= Gino Paro =

Italian prelate

Gino Paro (17 June 1910 – 21 September 1988) was an Italian prelate of the Catholic Church. He became a bishop and head of the Vatican's training program for diplomats in 1962. Raised to the rank of archbishop, he served as an apostolic nuncio from 1969 to 1978.

== Biography ==
Gino Paro was born on 17 June 1910 in Ponte di Piave, Treviso, Italy. He was ordained a priest on 5 July 1936 of the Diocese of Treviso. By 1945 he had a position at the Secretariat of State.

His dissertation, The right of papal legation, was published in 1948. At that period he was working in the diplomatic service of the Holy See, assigned to the nunciature in Dublin with the title of auditor.

On 31 August 1962, Pope John XXIII appointed him titular bishop of Diocaesarea in Isauria and President of the Pontifical Ecclesiastical Academy. Cardinal Jean-Marie Villot ordained him a bishop on 7 October.
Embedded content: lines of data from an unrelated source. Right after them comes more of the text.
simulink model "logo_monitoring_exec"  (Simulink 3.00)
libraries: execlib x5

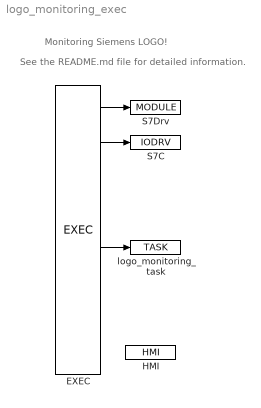
== system logo_monitoring_exec ==
  note: Monitoring Siemens LOGO!
  note: See the README.md file for detailed information.
  EXEC : execlib/EXEC  target=Generic target device  tick=0.01  ntick0=10  ntick1=50  ntick2=100  ntick3=1200  pri0=5  pri1=9  pri2=13  pri3=18
  HMI : execlib/HMI  IncludeHMI=on  HmiDir=hmi  SourceDir=hmisrc  GenerateWebWatch=on  GenerateRexHMI=on  RedirectToHMI=off  Compression=off
  S7C : execlib/IODRV  module=S7Drv  classname=S7cDrv  cfgname=logo_iocfg.rio  factor=5  stack=10240  pri=3  timer=off
  S7Drv : execlib/MODULE
  logo_monitoring_task : execlib/TASK  factor=1  start=0  stop=1  stack=10240  MDLOPEN=on
  wires:
  EXEC/1 -> S7Drv/1
  EXEC/2 -> S7C/1
  EXEC/5 -> logo_monitoring_task/1

On 5 May 1969, Pope Paul VI appointed him Titular Archbishop of Torcello and Apostolic Delegate to Australia and Papua New Guinea. His title for Australia changed to Apostolic Pro-Nuncio on 4 July 1973, and he was succeeded by Andrea Cordero Lanza di Montezemolo as the first Pro-Nuncio to Papua New Guinea on 5 April 1977. His diplomatic service ended on 10 June 1978 when he was replaced as Pro-Nuncio to Australia by Luigi Barbarito.

Paro participated in all four sessions of the Second Vatican Council.

He died on 21 September 1988.

There is a street in Ponte di Piave named "Via Monsignor Gino Paro".